- [WORK TASK]: Transcribe the data below verbatim from the line with "#194=CARTESIAN_POINT('',(1.5875,0.,19.84375));" to the line with "#204=CARTESIAN_POINT('',(1.5875,0.,25.796875));". Include both of those lines.

(Data entries)
-=-=-

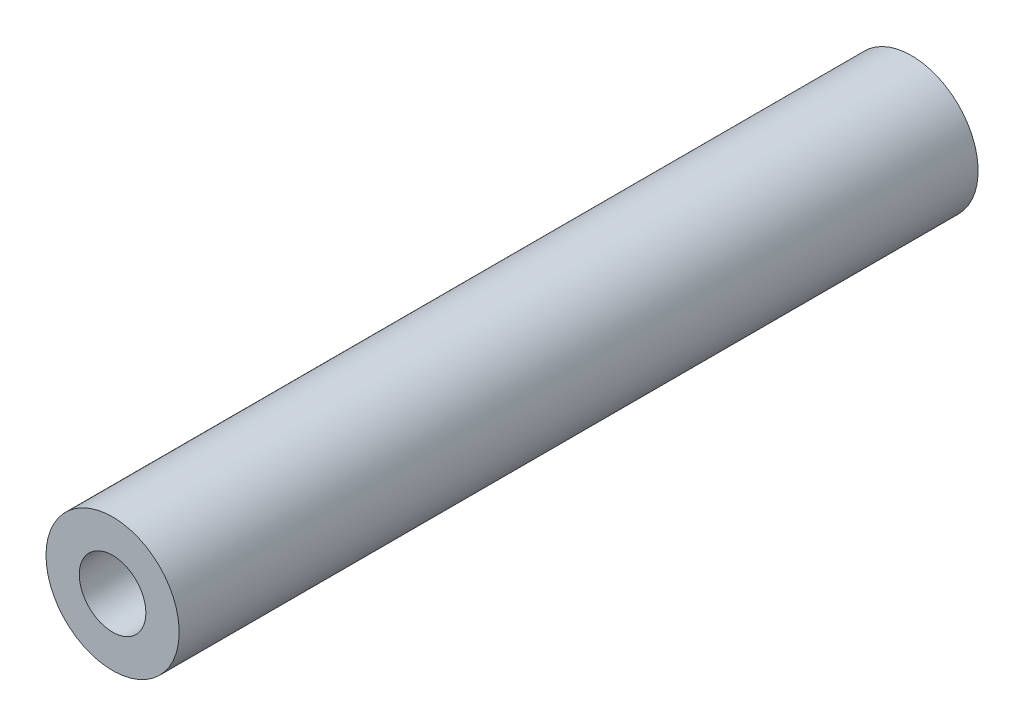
ISO-10303-21;
HEADER;
FILE_DESCRIPTION(('STEP AP214'),'2;1');
FILE_NAME('part.step','',(''),(''),'','','');
FILE_SCHEMA(('AUTOMOTIVE_DESIGN { 1 0 10303 214 1 1 1 1 }'));
ENDSEC;
DATA;
#1=APPLICATION_CONTEXT('core data for automotive mechanical design processes');
#2=APPLICATION_PROTOCOL_DEFINITION('international standard','automotive_design',2000,#1);
#3=PRODUCT_CONTEXT('',#1,'mechanical');
#4=PRODUCT('Part','Part','',(#3));
#5=PRODUCT_RELATED_PRODUCT_CATEGORY('part','',(#4));
#6=PRODUCT_DEFINITION_FORMATION('','',#4);
#7=PRODUCT_DEFINITION_CONTEXT('part definition',#1,'design');
#8=PRODUCT_DEFINITION('design','',#6,#7);
#9=PRODUCT_DEFINITION_SHAPE('','',#8);
#10=(LENGTH_UNIT() NAMED_UNIT(*) SI_UNIT(.MILLI.,.METRE.));
#11=(NAMED_UNIT(*) PLANE_ANGLE_UNIT() SI_UNIT($,.RADIAN.));
#12=(NAMED_UNIT(*) SI_UNIT($,.STERADIAN.) SOLID_ANGLE_UNIT());
#13=UNCERTAINTY_MEASURE_WITH_UNIT(LENGTH_MEASURE(1.E-05),#10,'distance_accuracy_value','');
#14=(GEOMETRIC_REPRESENTATION_CONTEXT(3) GLOBAL_UNCERTAINTY_ASSIGNED_CONTEXT((#13)) GLOBAL_UNIT_ASSIGNED_CONTEXT((#10,
#11,#12)) REPRESENTATION_CONTEXT('',''));
#15=CARTESIAN_POINT('',(0.,0.,0.));
#16=DIRECTION('',(0.,0.,1.));
#17=DIRECTION('',(1.,0.,0.));
#18=AXIS2_PLACEMENT_3D('',#15,#16,#17);
#19=CARTESIAN_POINT('',(0.,0.,38.1));
#20=DIRECTION('',(0.,0.,-1.));
#21=DIRECTION('',(-1.,0.,0.));
#22=AXIS2_PLACEMENT_3D('',#19,#20,#21);
#23=CYLINDRICAL_SURFACE('',#22,3.175);
#24=CARTESIAN_POINT('',(0.,0.,38.1));
#25=DIRECTION('',(0.,0.,1.));
#26=DIRECTION('',(1.,0.,0.));
#27=AXIS2_PLACEMENT_3D('',#24,#25,#26);
#28=CIRCLE('',#27,3.175);
#29=CARTESIAN_POINT('',(-3.175,0.,38.1));
#30=VERTEX_POINT('',#29);
#31=EDGE_CURVE('E10',#30,#30,#28,.T.);
#32=CARTESIAN_POINT('',(0.,0.,0.));
#33=DIRECTION('',(0.,0.,1.));
#34=DIRECTION('',(1.,0.,0.));
#35=AXIS2_PLACEMENT_3D('',#32,#33,#34);
#36=CIRCLE('',#35,3.175);
#37=CARTESIAN_POINT('',(-3.175,0.,0.));
#38=VERTEX_POINT('',#37);
#39=EDGE_CURVE('E34',#38,#38,#36,.T.);
#40=CARTESIAN_POINT('',(-3.175,0.,38.1));
#41=CARTESIAN_POINT('',(-3.175,0.,37.703125));
#42=CARTESIAN_POINT('',(-3.175,0.,37.30625));
#43=CARTESIAN_POINT('',(-3.175,0.,36.5125));
#44=CARTESIAN_POINT('',(-3.175,0.,36.115625));
#45=CARTESIAN_POINT('',(-3.175,0.,35.321875));
#46=CARTESIAN_POINT('',(-3.175,0.,34.925));
#47=CARTESIAN_POINT('',(-3.175,0.,34.13125));
#48=CARTESIAN_POINT('',(-3.175,0.,33.734375));
#49=CARTESIAN_POINT('',(-3.175,0.,32.940625));
#50=CARTESIAN_POINT('',(-3.175,0.,32.54375));
#51=CARTESIAN_POINT('',(-3.175,0.,31.75));
#52=CARTESIAN_POINT('',(-3.175,0.,31.353125));
#53=CARTESIAN_POINT('',(-3.175,0.,30.559375));
#54=CARTESIAN_POINT('',(-3.175,0.,30.1625));
#55=CARTESIAN_POINT('',(-3.175,0.,29.36875));
#56=CARTESIAN_POINT('',(-3.175,0.,28.971875));
#57=CARTESIAN_POINT('',(-3.175,0.,28.178125));
#58=CARTESIAN_POINT('',(-3.175,0.,27.78125));
#59=CARTESIAN_POINT('',(-3.175,0.,26.9875));
#60=CARTESIAN_POINT('',(-3.175,0.,26.590625));
#61=CARTESIAN_POINT('',(-3.175,0.,25.796875));
#62=CARTESIAN_POINT('',(-3.175,0.,25.4));
#63=CARTESIAN_POINT('',(-3.175,0.,24.60625));
#64=CARTESIAN_POINT('',(-3.175,0.,24.209375));
#65=CARTESIAN_POINT('',(-3.175,0.,23.415625));
#66=CARTESIAN_POINT('',(-3.175,0.,23.01875));
#67=CARTESIAN_POINT('',(-3.175,0.,22.225));
#68=CARTESIAN_POINT('',(-3.175,0.,21.828125));
#69=CARTESIAN_POINT('',(-3.175,0.,21.034375));
#70=CARTESIAN_POINT('',(-3.175,0.,20.6375));
#71=CARTESIAN_POINT('',(-3.175,0.,19.84375));
#72=CARTESIAN_POINT('',(-3.175,0.,19.446875));
#73=CARTESIAN_POINT('',(-3.175,0.,18.653125));
#74=CARTESIAN_POINT('',(-3.175,0.,18.25625));
#75=CARTESIAN_POINT('',(-3.175,0.,17.4625));
#76=CARTESIAN_POINT('',(-3.175,0.,17.065625));
#77=CARTESIAN_POINT('',(-3.175,0.,16.271875));
#78=CARTESIAN_POINT('',(-3.175,0.,15.875));
#79=CARTESIAN_POINT('',(-3.175,0.,15.08125));
#80=CARTESIAN_POINT('',(-3.175,0.,14.684375));
#81=CARTESIAN_POINT('',(-3.175,0.,13.890625));
#82=CARTESIAN_POINT('',(-3.175,0.,13.49375));
#83=CARTESIAN_POINT('',(-3.175,0.,12.7));
#84=CARTESIAN_POINT('',(-3.175,0.,12.303125));
#85=CARTESIAN_POINT('',(-3.175,0.,11.509375));
#86=CARTESIAN_POINT('',(-3.175,0.,11.1125));
#87=CARTESIAN_POINT('',(-3.175,0.,10.31875));
#88=CARTESIAN_POINT('',(-3.175,0.,9.921875));
#89=CARTESIAN_POINT('',(-3.175,0.,9.128125));
#90=CARTESIAN_POINT('',(-3.175,0.,8.73125));
#91=CARTESIAN_POINT('',(-3.175,0.,7.9375));
#92=CARTESIAN_POINT('',(-3.175,0.,7.540625));
#93=CARTESIAN_POINT('',(-3.175,0.,6.746875));
#94=CARTESIAN_POINT('',(-3.175,0.,6.35));
#95=CARTESIAN_POINT('',(-3.175,0.,5.55625));
#96=CARTESIAN_POINT('',(-3.175,0.,5.159375));
#97=CARTESIAN_POINT('',(-3.175,0.,4.365625));
#98=CARTESIAN_POINT('',(-3.175,0.,3.96875));
#99=CARTESIAN_POINT('',(-3.175,0.,3.175));
#100=CARTESIAN_POINT('',(-3.175,0.,2.778125));
#101=CARTESIAN_POINT('',(-3.175,0.,1.984375));
#102=CARTESIAN_POINT('',(-3.175,0.,1.5875));
#103=CARTESIAN_POINT('',(-3.175,0.,0.79375));
#104=CARTESIAN_POINT('',(-3.175,0.,0.396875));
#105=CARTESIAN_POINT('',(-3.175,0.,0.));
#106=B_SPLINE_CURVE_WITH_KNOTS('',3,(#40,#41,#42,#43,#44,#45,#46,#47,#48,#49,#50,#51,#52,#53,
#54,#55,#56,#57,#58,#59,#60,#61,#62,#63,#64,#65,#66,#67,#68,#69,#70,#71,#72,#73,#74,#75,#76,#77,
#78,#79,#80,#81,#82,#83,#84,#85,#86,#87,#88,#89,#90,#91,#92,#93,#94,#95,#96,#97,#98,#99,#100,
#101,#102,#103,#104,#105),.UNSPECIFIED.,.F.,.F.,(4,2,2,2,2,2,2,2,2,2,2,2,2,2,2,2,2,2,2,2,2,2,2,
2,2,2,2,2,2,2,2,2,4),(0.,1.19062499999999,2.38124999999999,3.571875,4.7625,5.953125,7.14375,
8.33437499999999,9.525,10.715625,11.90625,13.096875,14.2875,15.478125,16.66875,17.859375,19.05,
20.240625,21.43125,22.621875,23.8125,25.003125,26.19375,27.384375,28.575,29.765625,30.95625,
32.146875,33.3375,34.528125,35.71875,36.909375,38.1),.UNSPECIFIED.);
#107=EDGE_CURVE('BSEAM31',#30,#38,#106,.T.);
#108=ORIENTED_EDGE('',*,*,#31,.F.);
#109=ORIENTED_EDGE('',*,*,#39,.T.);
#110=ORIENTED_EDGE('',*,*,#107,.T.);
#111=ORIENTED_EDGE('',*,*,#107,.F.);
#112=EDGE_LOOP('',(#108,#110,#109,#111));
#113=FACE_BOUND('',#112,.T.);
#114=ADVANCED_FACE('F31',(#113),#23,.T.);
#115=CARTESIAN_POINT('',(0.,0.,38.1));
#116=DIRECTION('',(0.,0.,1.));
#117=DIRECTION('',(1.,0.,0.));
#118=AXIS2_PLACEMENT_3D('',#115,#116,#117);
#119=PLANE('',#118);
#120=CARTESIAN_POINT('',(0.,0.,38.1));
#121=DIRECTION('',(0.,0.,1.));
#122=DIRECTION('',(1.,0.,0.));
#123=AXIS2_PLACEMENT_3D('',#120,#121,#122);
#124=CIRCLE('',#123,1.5875);
#125=CARTESIAN_POINT('',(1.5875,0.,38.1));
#126=VERTEX_POINT('',#125);
#127=EDGE_CURVE('E43',#126,#126,#124,.T.);
#128=ORIENTED_EDGE('',*,*,#127,.F.);
#129=EDGE_LOOP('',(#128));
#130=FACE_BOUND('',#129,.T.);
#131=ORIENTED_EDGE('',*,*,#31,.T.);
#132=EDGE_LOOP('',(#131));
#133=FACE_BOUND('',#132,.T.);
#134=ADVANCED_FACE('F58',(#130,#133),#119,.T.);
#135=CARTESIAN_POINT('',(0.,0.,0.));
#136=DIRECTION('',(0.,0.,1.));
#137=DIRECTION('',(1.,0.,0.));
#138=AXIS2_PLACEMENT_3D('',#135,#136,#137);
#139=PLANE('',#138);
#140=CARTESIAN_POINT('',(0.,0.,0.));
#141=DIRECTION('',(0.,0.,1.));
#142=DIRECTION('',(1.,0.,0.));
#143=AXIS2_PLACEMENT_3D('',#140,#141,#142);
#144=CIRCLE('',#143,1.5875);
#145=CARTESIAN_POINT('',(1.5875,0.,0.));
#146=VERTEX_POINT('',#145);
#147=EDGE_CURVE('E41',#146,#146,#144,.T.);
#148=ORIENTED_EDGE('',*,*,#147,.T.);
#149=EDGE_LOOP('',(#148));
#150=FACE_BOUND('',#149,.T.);
#151=ORIENTED_EDGE('',*,*,#39,.F.);
#152=EDGE_LOOP('',(#151));
#153=FACE_BOUND('',#152,.T.);
#154=ADVANCED_FACE('F49',(#150,#153),#139,.F.);
#155=CARTESIAN_POINT('',(0.,0.,0.));
#156=DIRECTION('',(0.,0.,1.));
#157=DIRECTION('',(1.,0.,0.));
#158=AXIS2_PLACEMENT_3D('',#155,#156,#157);
#159=CYLINDRICAL_SURFACE('',#158,1.5875);
#160=CARTESIAN_POINT('',(1.5875,0.,0.));
#161=CARTESIAN_POINT('',(1.5875,0.,0.396875));
#162=CARTESIAN_POINT('',(1.5875,0.,0.79375));
#163=CARTESIAN_POINT('',(1.5875,0.,1.5875));
#164=CARTESIAN_POINT('',(1.5875,0.,1.984375));
#165=CARTESIAN_POINT('',(1.5875,0.,2.778125));
#166=CARTESIAN_POINT('',(1.5875,0.,3.175));
#167=CARTESIAN_POINT('',(1.5875,0.,3.96875));
#168=CARTESIAN_POINT('',(1.5875,0.,4.365625));
#169=CARTESIAN_POINT('',(1.5875,0.,5.159375));
#170=CARTESIAN_POINT('',(1.5875,0.,5.55625));
#171=CARTESIAN_POINT('',(1.5875,0.,6.35));
#172=CARTESIAN_POINT('',(1.5875,0.,6.746875));
#173=CARTESIAN_POINT('',(1.5875,0.,7.540625));
#174=CARTESIAN_POINT('',(1.5875,0.,7.9375));
#175=CARTESIAN_POINT('',(1.5875,0.,8.73125));
#176=CARTESIAN_POINT('',(1.5875,0.,9.128125));
#177=CARTESIAN_POINT('',(1.5875,0.,9.921875));
#178=CARTESIAN_POINT('',(1.5875,0.,10.31875));
#179=CARTESIAN_POINT('',(1.5875,0.,11.1125));
#180=CARTESIAN_POINT('',(1.5875,0.,11.509375));
#181=CARTESIAN_POINT('',(1.5875,0.,12.303125));
#182=CARTESIAN_POINT('',(1.5875,0.,12.7));
#183=CARTESIAN_POINT('',(1.5875,0.,13.49375));
#184=CARTESIAN_POINT('',(1.5875,0.,13.890625));
#185=CARTESIAN_POINT('',(1.5875,0.,14.684375));
#186=CARTESIAN_POINT('',(1.5875,0.,15.08125));
#187=CARTESIAN_POINT('',(1.5875,0.,15.875));
#188=CARTESIAN_POINT('',(1.5875,0.,16.271875));
#189=CARTESIAN_POINT('',(1.5875,0.,17.065625));
#190=CARTESIAN_POINT('',(1.5875,0.,17.4625));
#191=CARTESIAN_POINT('',(1.5875,0.,18.25625));
#192=CARTESIAN_POINT('',(1.5875,0.,18.653125));
#193=CARTESIAN_POINT('',(1.5875,0.,19.446875));
#194=CARTESIAN_POINT('',(1.5875,0.,19.84375));
#195=CARTESIAN_POINT('',(1.5875,0.,20.6375));
#196=CARTESIAN_POINT('',(1.5875,0.,21.034375));
#197=CARTESIAN_POINT('',(1.5875,0.,21.828125));
#198=CARTESIAN_POINT('',(1.5875,0.,22.225));
#199=CARTESIAN_POINT('',(1.5875,0.,23.01875));
#200=CARTESIAN_POINT('',(1.5875,0.,23.415625));
#201=CARTESIAN_POINT('',(1.5875,0.,24.209375));
#202=CARTESIAN_POINT('',(1.5875,0.,24.60625));
#203=CARTESIAN_POINT('',(1.5875,0.,25.4));
#204=CARTESIAN_POINT('',(1.5875,0.,25.796875));
#205=CARTESIAN_POINT('',(1.5875,0.,26.590625));
#206=CARTESIAN_POINT('',(1.5875,0.,26.9875));
#207=CARTESIAN_POINT('',(1.5875,0.,27.78125));
#208=CARTESIAN_POINT('',(1.5875,0.,28.178125));
#209=CARTESIAN_POINT('',(1.5875,0.,28.971875));
#210=CARTESIAN_POINT('',(1.5875,0.,29.36875));
#211=CARTESIAN_POINT('',(1.5875,0.,30.1625));
#212=CARTESIAN_POINT('',(1.5875,0.,30.559375));
#213=CARTESIAN_POINT('',(1.5875,0.,31.353125));
#214=CARTESIAN_POINT('',(1.5875,0.,31.75));
#215=CARTESIAN_POINT('',(1.5875,0.,32.54375));
#216=CARTESIAN_POINT('',(1.5875,0.,32.940625));
#217=CARTESIAN_POINT('',(1.5875,0.,33.734375));
#218=CARTESIAN_POINT('',(1.5875,0.,34.13125));
#219=CARTESIAN_POINT('',(1.5875,0.,34.925));
#220=CARTESIAN_POINT('',(1.5875,0.,35.321875));
#221=CARTESIAN_POINT('',(1.5875,0.,36.115625));
#222=CARTESIAN_POINT('',(1.5875,0.,36.5125));
#223=CARTESIAN_POINT('',(1.5875,0.,37.30625));
#224=CARTESIAN_POINT('',(1.5875,0.,37.703125));
#225=CARTESIAN_POINT('',(1.5875,0.,38.1));
#226=B_SPLINE_CURVE_WITH_KNOTS('',3,(#160,#161,#162,#163,#164,#165,#166,#167,#168,#169,#170,
#171,#172,#173,#174,#175,#176,#177,#178,#179,#180,#181,#182,#183,#184,#185,#186,#187,#188,#189,
#190,#191,#192,#193,#194,#195,#196,#197,#198,#199,#200,#201,#202,#203,#204,#205,#206,#207,#208,
#209,#210,#211,#212,#213,#214,#215,#216,#217,#218,#219,#220,#221,#222,#223,#224,#225),
.UNSPECIFIED.,.F.,.F.,(4,2,2,2,2,2,2,2,2,2,2,2,2,2,2,2,2,2,2,2,2,2,2,2,2,2,2,2,2,2,2,2,4),(0.,
1.190625,2.38125,3.571875,4.7625,5.953125,7.14375,8.334375,9.525,10.715625,11.90625,13.096875,
14.2875,15.478125,16.66875,17.859375,19.05,20.240625,21.43125,22.621875,23.8125,25.003125,
26.19375,27.384375,28.575,29.765625,30.95625,32.146875,33.3375,34.528125,35.71875,36.909375,
38.1),.UNSPECIFIED.);
#227=EDGE_CURVE('BSEAM52',#146,#126,#226,.T.);
#228=ORIENTED_EDGE('',*,*,#147,.F.);
#229=ORIENTED_EDGE('',*,*,#127,.T.);
#230=ORIENTED_EDGE('',*,*,#227,.T.);
#231=ORIENTED_EDGE('',*,*,#227,.F.);
#232=EDGE_LOOP('',(#228,#230,#229,#231));
#233=FACE_BOUND('',#232,.T.);
#234=ADVANCED_FACE('F52',(#233),#159,.F.);
#235=CLOSED_SHELL('',(#114,#134,#154,#234));
#236=MANIFOLD_SOLID_BREP('B2',#235);
#237=ADVANCED_BREP_SHAPE_REPRESENTATION('',(#18,#236),#14);
#238=SHAPE_DEFINITION_REPRESENTATION(#9,#237);
ENDSEC;
END-ISO-10303-21;

-=-=-

- [EXPECTED OUTPUT]:
#194=CARTESIAN_POINT('',(1.5875,0.,19.84375));
#195=CARTESIAN_POINT('',(1.5875,0.,20.6375));
#196=CARTESIAN_POINT('',(1.5875,0.,21.034375));
#197=CARTESIAN_POINT('',(1.5875,0.,21.828125));
#198=CARTESIAN_POINT('',(1.5875,0.,22.225));
#199=CARTESIAN_POINT('',(1.5875,0.,23.01875));
#200=CARTESIAN_POINT('',(1.5875,0.,23.415625));
#201=CARTESIAN_POINT('',(1.5875,0.,24.209375));
#202=CARTESIAN_POINT('',(1.5875,0.,24.60625));
#203=CARTESIAN_POINT('',(1.5875,0.,25.4));
#204=CARTESIAN_POINT('',(1.5875,0.,25.796875));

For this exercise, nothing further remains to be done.